Dataset

The data used in this project originate from the NUS Global Streetscapes dataset, which was published by the National University of Singapore. The dataset contains large-scale street-level imagery with a variety of labels. For this project, these labels were combined into a single large table that includes the complete set of images and metadata.

Notebook

For the code and steps used to build the table, see Initial Table Generation.

Steps for preparing the subsets

Step 1

The following table shows how the total count of the chosen cities in the study change when using the mly_quality_score. This is quite important to notice, hence, the amount changes quite drastically when using a different thresholds.

Note

This approach is useful when computation time needs to be reduced and fewer pairs are expected.

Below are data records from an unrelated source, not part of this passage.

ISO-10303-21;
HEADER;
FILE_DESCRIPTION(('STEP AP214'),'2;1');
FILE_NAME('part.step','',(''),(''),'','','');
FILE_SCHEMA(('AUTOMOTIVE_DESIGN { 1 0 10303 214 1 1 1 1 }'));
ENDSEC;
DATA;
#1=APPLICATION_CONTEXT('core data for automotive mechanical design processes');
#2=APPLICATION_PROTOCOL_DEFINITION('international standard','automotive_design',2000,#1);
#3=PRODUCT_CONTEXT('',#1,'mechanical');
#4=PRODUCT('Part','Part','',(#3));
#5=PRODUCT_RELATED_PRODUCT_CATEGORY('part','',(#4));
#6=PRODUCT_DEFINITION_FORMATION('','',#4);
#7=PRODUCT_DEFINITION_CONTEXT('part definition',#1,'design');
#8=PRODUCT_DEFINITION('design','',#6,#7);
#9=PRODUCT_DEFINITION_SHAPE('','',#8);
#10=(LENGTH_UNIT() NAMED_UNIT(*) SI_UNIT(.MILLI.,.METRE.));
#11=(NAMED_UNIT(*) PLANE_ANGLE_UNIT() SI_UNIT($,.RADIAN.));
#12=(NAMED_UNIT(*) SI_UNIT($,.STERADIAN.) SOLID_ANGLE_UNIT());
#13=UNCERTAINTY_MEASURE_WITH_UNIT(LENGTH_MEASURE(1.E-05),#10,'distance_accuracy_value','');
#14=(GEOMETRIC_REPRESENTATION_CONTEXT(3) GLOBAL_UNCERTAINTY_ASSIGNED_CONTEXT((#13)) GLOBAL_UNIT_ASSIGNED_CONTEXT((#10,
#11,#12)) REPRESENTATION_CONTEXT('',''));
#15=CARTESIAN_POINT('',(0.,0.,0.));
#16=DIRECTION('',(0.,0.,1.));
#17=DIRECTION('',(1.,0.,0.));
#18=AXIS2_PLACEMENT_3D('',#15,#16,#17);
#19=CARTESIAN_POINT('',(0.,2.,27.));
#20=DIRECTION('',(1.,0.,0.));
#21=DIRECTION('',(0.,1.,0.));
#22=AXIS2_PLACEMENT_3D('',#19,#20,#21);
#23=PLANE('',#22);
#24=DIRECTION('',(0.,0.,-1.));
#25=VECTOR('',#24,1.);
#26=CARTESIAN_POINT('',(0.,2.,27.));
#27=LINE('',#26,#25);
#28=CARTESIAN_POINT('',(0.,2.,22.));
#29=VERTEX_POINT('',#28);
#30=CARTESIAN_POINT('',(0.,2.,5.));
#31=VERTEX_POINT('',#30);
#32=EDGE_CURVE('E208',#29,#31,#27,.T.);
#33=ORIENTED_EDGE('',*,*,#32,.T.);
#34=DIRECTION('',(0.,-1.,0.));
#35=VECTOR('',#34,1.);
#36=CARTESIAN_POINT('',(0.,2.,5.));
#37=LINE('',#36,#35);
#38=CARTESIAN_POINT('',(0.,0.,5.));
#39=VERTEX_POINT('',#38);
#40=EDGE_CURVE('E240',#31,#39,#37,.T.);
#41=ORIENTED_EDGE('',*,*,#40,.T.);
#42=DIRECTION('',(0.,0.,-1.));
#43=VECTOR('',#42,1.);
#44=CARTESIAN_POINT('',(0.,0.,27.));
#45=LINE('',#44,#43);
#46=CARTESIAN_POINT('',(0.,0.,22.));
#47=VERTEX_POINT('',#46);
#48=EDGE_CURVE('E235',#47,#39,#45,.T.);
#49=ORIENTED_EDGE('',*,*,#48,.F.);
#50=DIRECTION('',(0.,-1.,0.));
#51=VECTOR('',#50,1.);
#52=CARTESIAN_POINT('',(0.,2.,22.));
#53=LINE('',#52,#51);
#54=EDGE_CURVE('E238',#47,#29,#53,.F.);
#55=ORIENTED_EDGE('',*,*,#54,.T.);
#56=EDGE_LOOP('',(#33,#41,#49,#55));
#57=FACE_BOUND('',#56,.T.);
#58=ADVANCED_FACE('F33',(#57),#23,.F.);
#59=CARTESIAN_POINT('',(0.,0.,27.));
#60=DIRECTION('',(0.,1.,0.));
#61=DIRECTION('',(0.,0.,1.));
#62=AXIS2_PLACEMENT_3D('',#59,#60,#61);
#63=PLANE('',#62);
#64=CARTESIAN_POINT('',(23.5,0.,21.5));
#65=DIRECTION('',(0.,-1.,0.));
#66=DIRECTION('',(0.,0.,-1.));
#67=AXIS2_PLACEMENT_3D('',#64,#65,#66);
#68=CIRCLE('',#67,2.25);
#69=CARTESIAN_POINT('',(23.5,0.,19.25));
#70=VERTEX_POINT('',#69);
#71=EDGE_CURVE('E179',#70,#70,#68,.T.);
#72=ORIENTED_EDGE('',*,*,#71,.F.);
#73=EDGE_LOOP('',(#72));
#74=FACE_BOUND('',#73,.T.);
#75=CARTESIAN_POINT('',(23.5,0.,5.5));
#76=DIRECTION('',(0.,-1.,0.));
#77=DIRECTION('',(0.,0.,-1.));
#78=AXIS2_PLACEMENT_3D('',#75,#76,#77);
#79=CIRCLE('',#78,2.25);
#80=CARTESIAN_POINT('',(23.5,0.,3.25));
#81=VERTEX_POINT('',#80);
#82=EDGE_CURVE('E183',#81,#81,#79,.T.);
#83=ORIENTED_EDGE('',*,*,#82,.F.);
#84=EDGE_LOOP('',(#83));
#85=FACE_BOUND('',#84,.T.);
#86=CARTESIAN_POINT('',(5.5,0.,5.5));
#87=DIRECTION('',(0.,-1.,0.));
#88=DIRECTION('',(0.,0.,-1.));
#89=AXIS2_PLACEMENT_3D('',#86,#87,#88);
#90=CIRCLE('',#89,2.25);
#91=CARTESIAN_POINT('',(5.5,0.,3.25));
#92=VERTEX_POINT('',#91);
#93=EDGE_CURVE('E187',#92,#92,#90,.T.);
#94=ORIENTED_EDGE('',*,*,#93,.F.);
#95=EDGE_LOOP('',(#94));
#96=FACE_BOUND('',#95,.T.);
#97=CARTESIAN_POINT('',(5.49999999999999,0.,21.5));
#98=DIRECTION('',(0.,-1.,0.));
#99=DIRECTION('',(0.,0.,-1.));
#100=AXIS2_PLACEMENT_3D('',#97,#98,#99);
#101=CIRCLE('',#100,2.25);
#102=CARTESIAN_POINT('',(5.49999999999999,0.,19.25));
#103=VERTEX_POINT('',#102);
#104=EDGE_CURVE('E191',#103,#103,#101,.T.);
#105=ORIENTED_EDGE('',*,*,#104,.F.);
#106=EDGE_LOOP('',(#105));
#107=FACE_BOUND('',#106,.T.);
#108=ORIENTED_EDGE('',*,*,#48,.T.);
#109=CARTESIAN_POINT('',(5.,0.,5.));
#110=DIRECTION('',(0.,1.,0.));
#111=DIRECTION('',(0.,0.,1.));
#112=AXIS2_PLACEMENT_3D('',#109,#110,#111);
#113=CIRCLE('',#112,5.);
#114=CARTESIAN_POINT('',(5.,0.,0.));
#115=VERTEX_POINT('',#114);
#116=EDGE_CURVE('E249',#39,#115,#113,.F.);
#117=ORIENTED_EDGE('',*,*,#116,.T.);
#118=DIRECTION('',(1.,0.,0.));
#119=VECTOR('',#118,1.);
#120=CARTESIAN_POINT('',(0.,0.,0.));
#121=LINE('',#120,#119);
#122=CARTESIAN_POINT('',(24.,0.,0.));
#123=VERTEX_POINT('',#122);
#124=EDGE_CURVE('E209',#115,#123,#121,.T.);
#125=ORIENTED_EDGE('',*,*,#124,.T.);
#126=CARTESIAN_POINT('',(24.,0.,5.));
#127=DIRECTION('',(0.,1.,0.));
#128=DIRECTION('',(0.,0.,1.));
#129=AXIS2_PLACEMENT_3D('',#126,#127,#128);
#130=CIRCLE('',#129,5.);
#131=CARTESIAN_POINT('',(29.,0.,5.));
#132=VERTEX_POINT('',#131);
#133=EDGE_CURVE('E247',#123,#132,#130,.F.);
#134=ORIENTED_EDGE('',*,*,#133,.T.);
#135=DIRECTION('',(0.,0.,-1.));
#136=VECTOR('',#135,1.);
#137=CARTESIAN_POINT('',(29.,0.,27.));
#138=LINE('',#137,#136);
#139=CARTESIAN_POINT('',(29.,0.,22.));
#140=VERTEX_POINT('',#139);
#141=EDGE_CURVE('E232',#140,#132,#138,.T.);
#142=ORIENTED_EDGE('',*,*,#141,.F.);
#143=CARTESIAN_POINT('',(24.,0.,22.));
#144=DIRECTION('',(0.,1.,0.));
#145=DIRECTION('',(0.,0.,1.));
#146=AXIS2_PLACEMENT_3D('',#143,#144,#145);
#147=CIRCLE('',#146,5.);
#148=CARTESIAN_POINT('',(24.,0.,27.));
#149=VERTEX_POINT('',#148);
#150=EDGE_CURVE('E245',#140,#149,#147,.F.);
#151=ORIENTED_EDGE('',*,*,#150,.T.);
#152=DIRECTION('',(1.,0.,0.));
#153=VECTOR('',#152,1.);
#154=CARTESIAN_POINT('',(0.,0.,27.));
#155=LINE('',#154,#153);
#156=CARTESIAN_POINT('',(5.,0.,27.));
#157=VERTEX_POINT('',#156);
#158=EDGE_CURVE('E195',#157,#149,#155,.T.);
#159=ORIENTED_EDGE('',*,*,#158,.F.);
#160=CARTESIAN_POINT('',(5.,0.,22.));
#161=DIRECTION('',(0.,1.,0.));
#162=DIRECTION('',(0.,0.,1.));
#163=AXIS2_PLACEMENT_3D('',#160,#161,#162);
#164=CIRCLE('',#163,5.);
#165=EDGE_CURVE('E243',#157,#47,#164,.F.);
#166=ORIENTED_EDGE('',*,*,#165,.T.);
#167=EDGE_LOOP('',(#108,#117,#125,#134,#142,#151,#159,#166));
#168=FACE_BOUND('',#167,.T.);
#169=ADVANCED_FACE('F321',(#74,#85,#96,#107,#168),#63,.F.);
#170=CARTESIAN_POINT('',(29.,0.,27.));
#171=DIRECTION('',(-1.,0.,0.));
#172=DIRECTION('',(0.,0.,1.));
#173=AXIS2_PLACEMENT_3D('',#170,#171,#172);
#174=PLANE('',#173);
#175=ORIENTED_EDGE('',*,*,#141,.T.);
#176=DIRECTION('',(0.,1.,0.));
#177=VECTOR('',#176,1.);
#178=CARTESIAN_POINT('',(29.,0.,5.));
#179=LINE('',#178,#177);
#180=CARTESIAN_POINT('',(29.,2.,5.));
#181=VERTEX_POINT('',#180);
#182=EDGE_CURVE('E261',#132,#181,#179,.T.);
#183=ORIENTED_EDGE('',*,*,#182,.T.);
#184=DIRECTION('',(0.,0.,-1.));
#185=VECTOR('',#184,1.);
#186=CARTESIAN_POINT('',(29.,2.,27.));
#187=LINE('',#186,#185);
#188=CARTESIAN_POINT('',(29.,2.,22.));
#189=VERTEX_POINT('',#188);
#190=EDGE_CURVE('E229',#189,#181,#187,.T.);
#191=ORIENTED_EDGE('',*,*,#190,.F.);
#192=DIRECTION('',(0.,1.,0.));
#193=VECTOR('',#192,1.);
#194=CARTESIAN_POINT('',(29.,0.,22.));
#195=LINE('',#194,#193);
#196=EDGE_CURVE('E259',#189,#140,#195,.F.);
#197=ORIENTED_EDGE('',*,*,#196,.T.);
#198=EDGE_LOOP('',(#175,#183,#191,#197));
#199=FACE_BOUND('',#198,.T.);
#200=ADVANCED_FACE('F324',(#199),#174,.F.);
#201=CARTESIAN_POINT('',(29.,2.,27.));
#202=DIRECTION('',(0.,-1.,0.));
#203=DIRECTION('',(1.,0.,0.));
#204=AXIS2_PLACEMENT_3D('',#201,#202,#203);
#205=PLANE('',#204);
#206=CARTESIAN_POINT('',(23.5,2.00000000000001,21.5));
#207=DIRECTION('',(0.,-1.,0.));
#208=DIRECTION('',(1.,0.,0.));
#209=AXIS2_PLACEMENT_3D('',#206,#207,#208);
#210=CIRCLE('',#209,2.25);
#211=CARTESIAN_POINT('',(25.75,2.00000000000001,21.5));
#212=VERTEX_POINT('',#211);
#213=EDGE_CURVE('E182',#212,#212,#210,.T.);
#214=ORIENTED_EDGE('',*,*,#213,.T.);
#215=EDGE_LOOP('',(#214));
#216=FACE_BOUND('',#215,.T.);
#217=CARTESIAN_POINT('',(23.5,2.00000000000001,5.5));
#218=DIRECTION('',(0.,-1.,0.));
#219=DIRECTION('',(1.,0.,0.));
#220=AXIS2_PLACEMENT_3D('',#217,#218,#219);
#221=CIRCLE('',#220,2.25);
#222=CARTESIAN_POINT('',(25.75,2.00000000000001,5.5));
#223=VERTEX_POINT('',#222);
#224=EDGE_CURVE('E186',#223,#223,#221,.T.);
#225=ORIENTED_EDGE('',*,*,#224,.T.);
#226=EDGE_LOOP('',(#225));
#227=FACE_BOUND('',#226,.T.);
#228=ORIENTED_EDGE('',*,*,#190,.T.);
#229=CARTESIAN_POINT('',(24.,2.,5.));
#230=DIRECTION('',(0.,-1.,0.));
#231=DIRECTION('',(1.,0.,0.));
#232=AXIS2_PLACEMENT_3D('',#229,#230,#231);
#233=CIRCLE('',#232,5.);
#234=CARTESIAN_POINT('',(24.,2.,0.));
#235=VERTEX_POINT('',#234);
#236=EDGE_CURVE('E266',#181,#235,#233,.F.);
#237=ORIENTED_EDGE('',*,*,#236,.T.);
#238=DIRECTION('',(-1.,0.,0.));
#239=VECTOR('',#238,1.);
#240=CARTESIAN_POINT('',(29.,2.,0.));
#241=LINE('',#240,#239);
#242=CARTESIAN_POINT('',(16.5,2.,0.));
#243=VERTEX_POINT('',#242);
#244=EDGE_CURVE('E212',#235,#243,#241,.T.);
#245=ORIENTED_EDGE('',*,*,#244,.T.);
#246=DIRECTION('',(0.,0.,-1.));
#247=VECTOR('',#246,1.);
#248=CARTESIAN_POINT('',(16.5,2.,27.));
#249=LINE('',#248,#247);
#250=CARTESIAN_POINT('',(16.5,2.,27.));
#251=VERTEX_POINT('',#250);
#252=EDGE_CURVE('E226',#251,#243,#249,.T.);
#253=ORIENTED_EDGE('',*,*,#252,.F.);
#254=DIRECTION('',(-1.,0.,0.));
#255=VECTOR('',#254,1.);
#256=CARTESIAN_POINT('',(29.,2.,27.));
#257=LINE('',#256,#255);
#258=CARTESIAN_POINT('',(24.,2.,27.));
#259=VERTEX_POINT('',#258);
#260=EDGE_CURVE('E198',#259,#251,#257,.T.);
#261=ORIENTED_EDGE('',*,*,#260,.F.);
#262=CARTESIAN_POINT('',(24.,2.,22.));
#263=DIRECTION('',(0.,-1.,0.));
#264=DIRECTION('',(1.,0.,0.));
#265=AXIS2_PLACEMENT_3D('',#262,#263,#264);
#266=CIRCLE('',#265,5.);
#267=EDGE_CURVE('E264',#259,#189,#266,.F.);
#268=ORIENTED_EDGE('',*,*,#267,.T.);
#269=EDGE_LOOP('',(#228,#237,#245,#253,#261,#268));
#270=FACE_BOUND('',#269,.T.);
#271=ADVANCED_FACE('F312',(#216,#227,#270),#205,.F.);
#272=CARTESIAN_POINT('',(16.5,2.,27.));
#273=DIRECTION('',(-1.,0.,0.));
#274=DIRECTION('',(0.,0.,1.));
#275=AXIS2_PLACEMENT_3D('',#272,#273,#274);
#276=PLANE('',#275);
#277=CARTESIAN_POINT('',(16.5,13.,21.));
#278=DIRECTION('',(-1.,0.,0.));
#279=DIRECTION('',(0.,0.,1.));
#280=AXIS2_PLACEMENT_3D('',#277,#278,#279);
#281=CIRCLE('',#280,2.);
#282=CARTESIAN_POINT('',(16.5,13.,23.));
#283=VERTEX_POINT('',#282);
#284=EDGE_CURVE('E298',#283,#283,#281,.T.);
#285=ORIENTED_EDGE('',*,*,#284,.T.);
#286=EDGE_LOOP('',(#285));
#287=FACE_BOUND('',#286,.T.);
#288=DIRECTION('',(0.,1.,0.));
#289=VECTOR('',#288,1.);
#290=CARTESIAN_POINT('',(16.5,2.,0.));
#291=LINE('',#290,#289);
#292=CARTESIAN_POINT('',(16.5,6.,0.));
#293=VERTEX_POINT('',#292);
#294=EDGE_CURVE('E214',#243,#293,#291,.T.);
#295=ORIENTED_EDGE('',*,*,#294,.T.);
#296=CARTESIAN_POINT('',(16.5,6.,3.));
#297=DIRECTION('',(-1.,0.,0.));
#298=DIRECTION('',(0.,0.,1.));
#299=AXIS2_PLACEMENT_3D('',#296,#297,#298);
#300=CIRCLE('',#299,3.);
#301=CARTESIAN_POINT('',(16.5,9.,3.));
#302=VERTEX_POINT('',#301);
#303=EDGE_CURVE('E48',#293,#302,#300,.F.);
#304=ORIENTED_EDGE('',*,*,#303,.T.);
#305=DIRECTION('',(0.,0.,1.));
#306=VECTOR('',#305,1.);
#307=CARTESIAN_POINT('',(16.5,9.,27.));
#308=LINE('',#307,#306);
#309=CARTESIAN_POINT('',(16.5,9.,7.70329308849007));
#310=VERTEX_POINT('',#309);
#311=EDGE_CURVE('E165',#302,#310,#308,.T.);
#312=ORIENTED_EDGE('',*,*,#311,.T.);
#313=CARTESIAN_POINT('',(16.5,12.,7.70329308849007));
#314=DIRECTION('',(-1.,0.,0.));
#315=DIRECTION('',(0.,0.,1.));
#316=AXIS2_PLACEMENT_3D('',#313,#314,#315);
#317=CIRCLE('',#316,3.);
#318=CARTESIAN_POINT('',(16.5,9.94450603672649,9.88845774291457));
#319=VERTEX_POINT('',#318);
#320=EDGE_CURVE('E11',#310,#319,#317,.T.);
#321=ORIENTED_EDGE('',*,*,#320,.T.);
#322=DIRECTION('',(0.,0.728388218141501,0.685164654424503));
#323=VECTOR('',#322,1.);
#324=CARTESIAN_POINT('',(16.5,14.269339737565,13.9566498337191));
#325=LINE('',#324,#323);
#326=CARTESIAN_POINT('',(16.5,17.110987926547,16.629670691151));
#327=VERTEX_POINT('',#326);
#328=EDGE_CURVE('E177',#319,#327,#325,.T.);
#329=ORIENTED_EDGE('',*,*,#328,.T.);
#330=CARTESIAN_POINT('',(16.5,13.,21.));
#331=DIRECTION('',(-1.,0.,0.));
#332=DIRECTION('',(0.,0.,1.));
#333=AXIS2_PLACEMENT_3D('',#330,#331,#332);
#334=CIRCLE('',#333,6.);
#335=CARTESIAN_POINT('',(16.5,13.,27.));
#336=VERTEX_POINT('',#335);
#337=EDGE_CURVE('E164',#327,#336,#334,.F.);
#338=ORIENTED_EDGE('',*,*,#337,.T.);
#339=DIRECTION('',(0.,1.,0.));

City	Total	50 %	60 %	70 %	80 %	90 %
Berlin	198184	61606	59728	56517	51531	41767
Washington	197080	76859	70041	60128	44313	24971
Sydney	69227	63944	61771	57759	52210	41051
Cape Town	12639	11135	10136	8764	6708	4068
Taipei	198538	171232	161789	146595	122037	84761
Sao Paulo	197964	129330	108546	78852	46080	19913

Since testing showed, that the heading variable is not a 100 % reliable, mapillary's computed heading was used as well to determine if there is an offset greater than 10 degrees. The following reduction of the table looks the following:

City	Total	50 %	60 %	70 %	80 %	90 %
Berlin	45650	13035	12476	11629	10287	8018
Washington	132952	51160	47204	41233	30535	16644
Sydney	15304	12849	12164	11228	9924	7573
Cape Town	9511	8276	7416	6303	4618	2594
Taipei	26417	19805	18686	16351	12673	8040
Sao Paulo	124394	79460	66792	48881	27401	11107

As a result, the difference between the headings and the score were being used to reduce the size of the images.

Step 2

Since the initial amount of images was still too big, we decided to use the tool by Danish et al. (2024) which can be found on GitHub. For our usage, the tools were slightly modified. How to use it, is explained in the See the Advanced guide.

Final dataset

The result of these steps is a cleaned and filtered subset of the Global Streetscapes dataset. In the Berlin example, this produced a smaller but higher quality collection of images that can be used for tasks such as pair identification and perception studies.